Sunday, May 31, 2015

Hide-and-seek



I shade my eyes and look at the morning sky. The sun is playing hide-and-seek with the mischievous clouds. Everything looks the same as back home. Though over there, across the rolling Atlantic, it's now in the throes of evening. I hope her upcoming sunrise will be as enjoyable as mine just was.

I arrive at the station and see my train pulling away in a cloud of dust. It's four hours until the next one departs. And there's not a soul in the station with me. I am alone with my thoughts and my regrets. You don't have to be Irish to know the world is going to break your heart sooner or later.

"Ye Must Be Born Again"


"In Presbyterian homes, no radio or television would be played and window blinds were firmly shut. Even Sunday dinner had to be prepared in advance of the Sabbath. 'Most of us went to the hall in the middle of Hyndford Street, The Brethren,' Gil Irvine recalls. Inscribed in glass above the entrance of the meeting hall were words that would later inspire the title track of Astral Weeks: 'Ye Must Be Born Again.'"

Tuesday, May 19, 2015



"If the American Dream is to be successful, the Irish Dream is give your head some peace."
Marcus Campbell

"A hanging out situation"



These two quotes you see below were lifted from the No. 20 issue (June, 1999) of Wavelength, the popular Van Morrison fanzine that Simon Gee edited for roughly 15 years. The words were spoken by guitarist Mick Cox, a one-time Van Morrison collaborator. Cox linked up with Morrison in 1967; the latter had just returned to Belfast following the recording of his debut album.

Cox touches upon the creative process for Astral Weeks, including how Morrison was tweaking and tinkering with its songs during the spring and summer months he spent in Belfast—nearly a year and a half before he recorded them in New York City.

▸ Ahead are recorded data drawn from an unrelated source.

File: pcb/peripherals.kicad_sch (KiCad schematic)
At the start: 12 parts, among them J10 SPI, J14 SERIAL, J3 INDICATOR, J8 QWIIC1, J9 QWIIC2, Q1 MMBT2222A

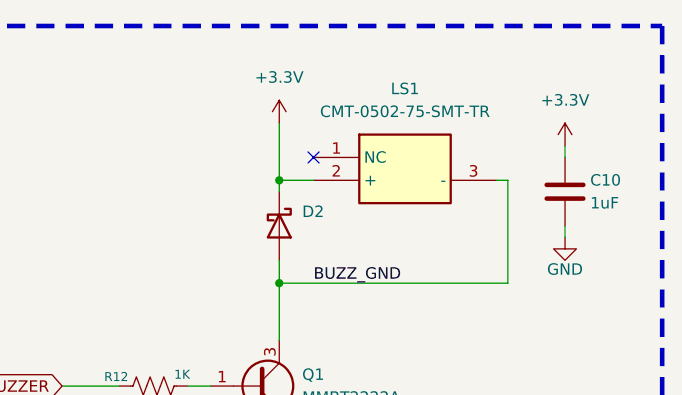
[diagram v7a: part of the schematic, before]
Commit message: Fixed cap values on reset button
Fixed all part numbers and extended parameters.
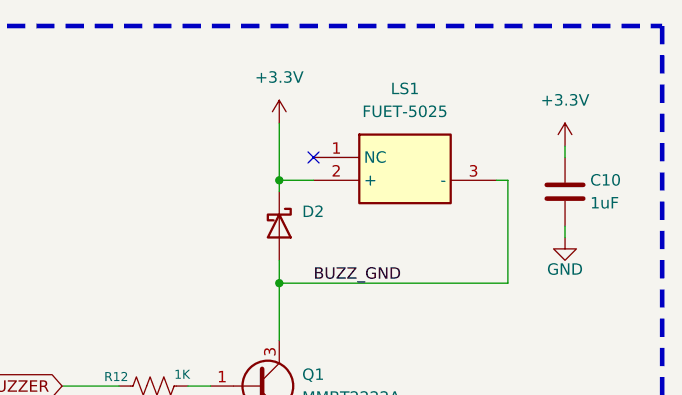
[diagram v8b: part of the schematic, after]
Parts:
- C10: Digikey (none) -> 1276-1019-2-ND; LCSC_PN C6119849 -> (none); MF HRE -> (none); Mouser (none) -> 187-CL10B105KO8NNNC
- D2: Digikey (none) -> 1727-5834-2-ND; MN (none) -> Shikues; Mouser (none) -> 771-PMEG3010EB115
- D21, D22: LCSC_PN C5563754 -> (none); MF FUXINSEMI -> (none)
- J10: LCSC_PN C2919601 -> (none); MF JST -> (none)
- J14, J3: Digikey (none) -> 455-BM03B-SRSS-TBTR-ND; LCSC_PN C2919600 -> (none); MF JST -> (none); Mouser (none) -> 306-3BSRSSTBTLP
- J8, J9: Digikey (none) -> 455-BM04B-SRSS-TBTR-ND; LCSC_PN C2919601 -> (none); MF JST -> (none); Mouser (none) -> 306-BM04BSRSSTBTLFSN
- LS1: value CMT-0502-75-SMT-TR -> FUET-5025; Digikey (none) -> 102-CMT-0502-75-SMT-TR-ND; MF Same Sky -> (none); MN Same Sky -> Fuet; MPN CMT-0502-75-SMT-TR -> FUET-5025
- Q1: Digikey (none) -> MMBT2222AT-FDITR-ND; MF Diodes Incorporated -> (none)
- R12: Digikey (none) -> CR0603-JW-102ELFTR-ND; LCSC_PN C2907113 -> (none); MF FOJAN -> (none); Mouser (none) -> 652-CR0603-JW-102ELF

Check it out:
It was a hanging out situation and doing these gigs to keep the money coming in because the promoters would give you cash at the end of the night and that was it! So he came to Limestone [Road] and I went over to his folks place, and we started to work on stuff. He wanted to find out what I actually knew. I had flown over and straight into a gig—I knew all the changes for "Gloria" and the other material just from listening to it. But he wanted a much more comprehensive approach to music because he had so many more influences than the blues stuff. Then I started to realize exactly what the story was, and how much he is and always has been such an incredible force in music ...

Went up to see Van, and he was doing the tracks that were to become Astral Weeks. I stayed up for two or three days and recorded some stuff with him—just fantastic music. And he said that he would like me to join the band and play on the tracks. But I couldn't—they had paid for me to come over—and it was a choice of Hendrix or Van, but what swung it was the fact that the guys had paid for me, and they'd be completely lost—they couldn't find another guitarist.

Thursday, May 14, 2015

"High walls make good neighbors"



"Belfast is finished," wrote Northern Irish poet Leontia Flynn, "and Belfast is under construction." Seeing the word construction, I can't help but think of the city's penchant for erecting "peace lines"—those brick and steel walls that separate Catholic and Protestant neighborhoods. Of the close to 100 in Belfast, an estimated one-third has gone up since the 1994 ceasefire.

"That is one of the ways we've managed those differences, by building high walls," Dominic Bryan, who directs the Institute of Irish Studies at Queen's University Belfast, told NPR. "You know, high walls make good neighbors." Bryan is being facetious, of course; he knows the walls are a monument to Northern Ireland's failure. In an essay titled "Impact of the Conflict on Public Space and Architecture," Belfast-born architect Ciaran Mackel is similarly critical of the peace lines, though not in the same cheeky manner: "They create unbearable enclosure ratios and a dismal urban experience. They are the crudest urban signatures, and the identity they portray engenders alienation and reinforces division."

I have seen the peace lines up close, softly touched their surfaces, walked in their shadows, driven slowly through their gates (the ones that are closed up at night). They are unsightly and pervasive and menacing. Even though efforts are being made to decorate the walls with non-political images, at no point while studying them do you forget their purpose: keeping one group of people out and another group of people in.

There's determination in Van Morrison's voice when he sings "Nobody can stop me from loving you, baby." But I also catch a tinge of shame—and so I consider those ugly peace lines and the centuries of sectarian bloodshed and the countless innocent lives lost and it comes to me that maybe, just possibly, he is not singing about a woman, but the place of his birth.